In contrast, federal financial guarantees often exaggerate the problems of adverse selection and moral hazard. Premiums are typically based upon the average loss of a risk pool whose members’ risk exposures may vary greatly. This makes participation financially unattractive for low risk members who end up subsidizing high risk members if they remain in the pool. In order to prevent low risk members from leaving, the government’s typical response has been to make participation mandatory. However, various avenues exist by which low risk members can leave “mandatory” risk pools. For example, prior to the reorganization of the Federal Savings and Loan Insurance Corporation (FSLIC) as part of the Federal Deposit Insurance Corporation (FDIC), a number of low risk thrifts became commercial banks. This change in corporate structure enabled these firms to switch insurance coverage to the FDIC, which at the time charged substantially lower premiums than did the FSLIC. Similarly, terminations of overfunded defined benefit pension plans enable firms to redeploy excess pension assets as well as drop out of the pension insurance pool operated by the Pension Benefit Guarantee Corporation (PBGC).

Although financial restructuring makes it possible to leave mandatory insurance pools, the costs of leaving may be sufficiently high for some low risk firms that they will remain. Unfortunately, the only way risk-insensitive insurance can possibly become a “good deal” for remaining members is by increasing exposure to risk; for example, by increasing the riskiness of investments or financial leverage. Furthermore, this problem is even more severe for high risk members of the pool, especially if they are financially distressed. The owners of these firms are entitled to all of the benefits of risky activities, while the insurance mechanism (in conjunction with limited liability if the firm is incorporated) minimizes the extent to which they must bear costs. Consequently, it is tempting to “go for broke” by making very risky investments which have substantial downside risk as well as potential for upside gain. The costs of this largely insurance-induced moral hazard problem can be staggering, both for the firm and the economy as a whole.

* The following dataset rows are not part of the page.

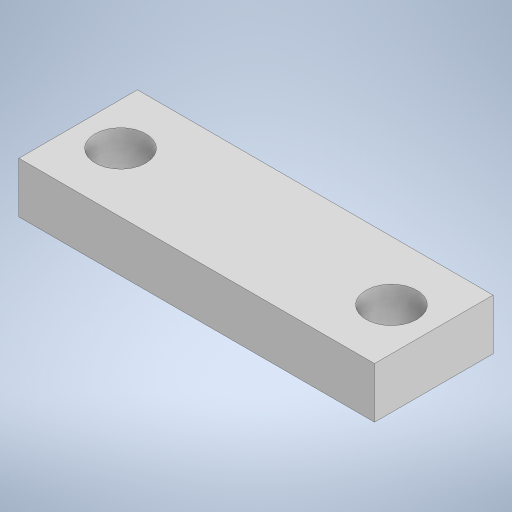
# Autodesk Inventor part: linear rod support mount spacer
Saved by Autodesk Inventor 2023.2 (Build 272271000, 271)
## iProperties
Created: 2023-03-17
Part Number: linear rod support mount spacer
Material: Generic
Document SubType Name: Modeling
Designer: dmargari
Density: 1 g/cm^3
Appearance: Default
Author: dmargari
## iProperties of the stored document linear rod support mount spacer_3DPrint.ipt
Created: 2023-03-17
Part Number: linear rod support mount spacer_3DPrint
Material: Generic
Document SubType Name: Modeling
Designer: dmargari
Density: 1 g/cm^3
Appearance: Default
Author: dmargari
Autodesk Inventor part; units mm, degrees
ref_plane "YZ Plane" through (0, 0, 0) normal (1, 0, 0) x (0, 1, 0)
ref_plane "XZ Plane" through (0, 0, 0) normal (0, 1, 0) x (-1, 0, 0)
ref_plane "XY Plane" through (0, 0, 0) normal (0, 0, 1) x (1, 0, 0)
sketch "Sketch1" plane through (0, 0, 0) normal (0, 1, 0) x (-1, 0, 0)
  line L0 (59.7159, -8.8837) -> (17.7159, -8.8837)
  line L1 (17.7159, -8.8837) -> (17.7159, -22.8837)
  line L2 (17.7159, -22.8837) -> (59.7159, -22.8837)
  line L3 (59.7159, -22.8837) -> (59.7159, -8.8837)
  line L4 (59.7159, -8.8837) -> (17.7159, -22.8837) construction
  line L5 (17.7159, -8.8837) -> (59.7159, -22.8837) construction
  line L6 (59.7159, -15.8837) -> (17.7159, -15.8837) construction
  point P0 (0, 0)
  point P1 (38.7159, -15.8837)
  point P2 (54.7159, -15.8837)
  point P3 (22.7159, -15.8837)
  dimension "d0" = 42
  dimension "d1" = 14
  dimension "d2" = 5
  dimension "d3" = 5
  constraints: 14 end point, 4 midpoint, 2 parallel, 2 point on line, 1 horizontal, 1 perpendicular
  measures "d0" distance of L2.end L1.end
  measures "d1" distance of L1.end L0.end
  measures "d2" distance from line of L3 point (54.716, -15.884)
  measures "d3" distance from line of L1 point (22.716, -15.884)
extrude "Extrusion1" add sketch "Sketch1" along normal blind 6
hole "Hole1" at (-54.7159, 0, -15.8837) at (-22.7159, 0, -15.8837) direction (0, 1, 0) diameter 6 end through all
body "Solid1"
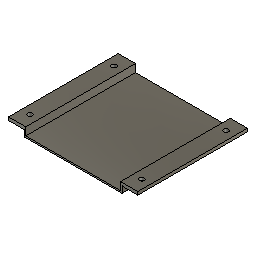
1-CBA bottom Cover V3 - part 3of3 v1 (Autodesk Fusion 360 design; units mm, degrees)
Autodesk Fusion 360 part; units mm, degrees
sketch "extrusion" plane through (0, 0, 0) normal (0, 1, 0) x (1, 0, 0)
  line L0 (-82.5, -8) -> (-62.5, -8)
  line L1 (-62.5, -8) -> (-62.5, 0)
  line L2 (-62.5, 0) -> (62.5, 0)
  line L3 (62.5, 0) -> (62.5, -8)
  line L4 (62.5, -8) -> (82.5, -8)
  line L5 (-60.5, -12) -> (-60.5, -2)
  line L6 (-60.5, -2) -> (60.5, -2)
  line L7 (60.5, -2) -> (60.5, -12)
  line L8 (-82.5, -12) -> (-60.5, -12)
  line L9 (60.5, -12) -> (82.5, -12)
  line L10 (-82.5, -8) -> (-82.5, -12)
  line L11 (82.5, -8) -> (82.5, -12)
  dimension "d1" = 125
  dimension "d2" = 8
  dimension "d3" = 20
  dimension "d4" = 8
  dimension "d5" = 20
  measures "d2" distance of origin
  measures "d4" distance of origin
extrude "Extrude1" add sketch "extrusion" along normal mid plane 140
sketch "top holes" plane through (0, 0, 12) normal (0, 0, 1) x (-1, 0, 0)
  circle A0 centre (71.5, -53.75) radius 3
  line L0 (82.5, -70) -> (60.5, -70)
  dimension "d11" = 6
  dimension "d12" = 16.25
  measures "d11" diameter of A0
extrude "Extrude2" cut sketch "top holes" against normal blind 4
mirror "Mirror1" about plane through (0, 0, 0) normal (1, 0, 0) of "Extrude2"
mirror "Mirror2" about plane through (0, 0, 0) normal (0, 1, 0) of "Extrude2", "Mirror1"
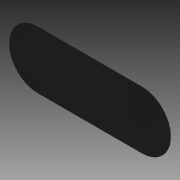
# Autodesk Inventor part: Start_Velostat
Saved by Autodesk Inventor 2014 SP1 (Build 180222100, 222)
## iProperties
Created: 2014-01-13
Part Number: Start_Velostat
Material: Rubber
Document SubType Name: Modeling
Designer: tuleu
Density: 0.93 g/cm^3
Appearance: Rubber - Black - Version 1.1
Author: tuleu
Autodesk Inventor part; units mm, degrees
ref_plane "YZ Plane" through (0, 0, 0) normal (1, 0, 0) x (0, 1, 0)
ref_plane "XZ Plane" through (0, 0, 0) normal (0, 1, 0) x (-1, 0, 0)
ref_plane "XY Plane" through (0, 0, 0) normal (0, 0, 1) x (1, 0, 0)
sketch "Sketch1" plane through (0, 0, 0) normal (0, 1, 0) x (-1, 0, 0)
  line L0 (45, 25) -> (-45, 25)
  line L1 (-45, -25) -> (45, -25)
  arc A0 (-45, 25) -> (-45, -25) centre (-45, 0) ccw
  arc A1 (45, -25) -> (45, 25) centre (45, 0) ccw
  line L2 (45, 0) -> (-45, 0)
  line L3 (0, -25) -> (0, 25)
  point P0 (0, 0)
  dimension "d0" = 90
  dimension "d1" = 50
  constraints: 8 end point, 4 midpoint, 4 point on circle, 3 tangent, 2 centre point, 2 parallel, 1 horizontal
  measures "d0" distance of L2.end L2.start
  measures "d1" distance between parallel lines of L0 L1
extrude "Extrusion1" add sketch "Sketch1" along normal mid plane 0.01
body "Solid1"

In light of this analysis, it is interesting to consider the current policy debate over the financial difficulties of the banking industry and the FDIC. Recently, capital requirements as well as deposit insurance premiums have been raised in response to the crisis. Ironically, as Professor George Kaufman of Loyola University has noted, the banking industry is undercapitalized largely because federal deposit insurance has permitted banks to substitute government capital for private capital. Although increased capital requirements will (at least in the short run) mitigate the moral hazard of increased risk exposure, in the long run the cycle of increased risk exposure and higher premium costs is likely to continue so long as the structure of the present system is not reformed.

Ultimately, the key to restoring the financial viability of deposit insurance and other similarly troubled federal financial guarantee programs is to institute reforms which engender lower adverse selection and moral hazard costs. Policymakers would do well to consider how private insurers, who cannot rely upon taxpayer-financed bailouts, resolve these problems. The most common private market solution typically involves some combination of risk-sensitive premiums and economically meaningful limits on coverage. Federal financial guarantee programs should be similarly designed so that excessively risky behavior is penalized rather than rewarded.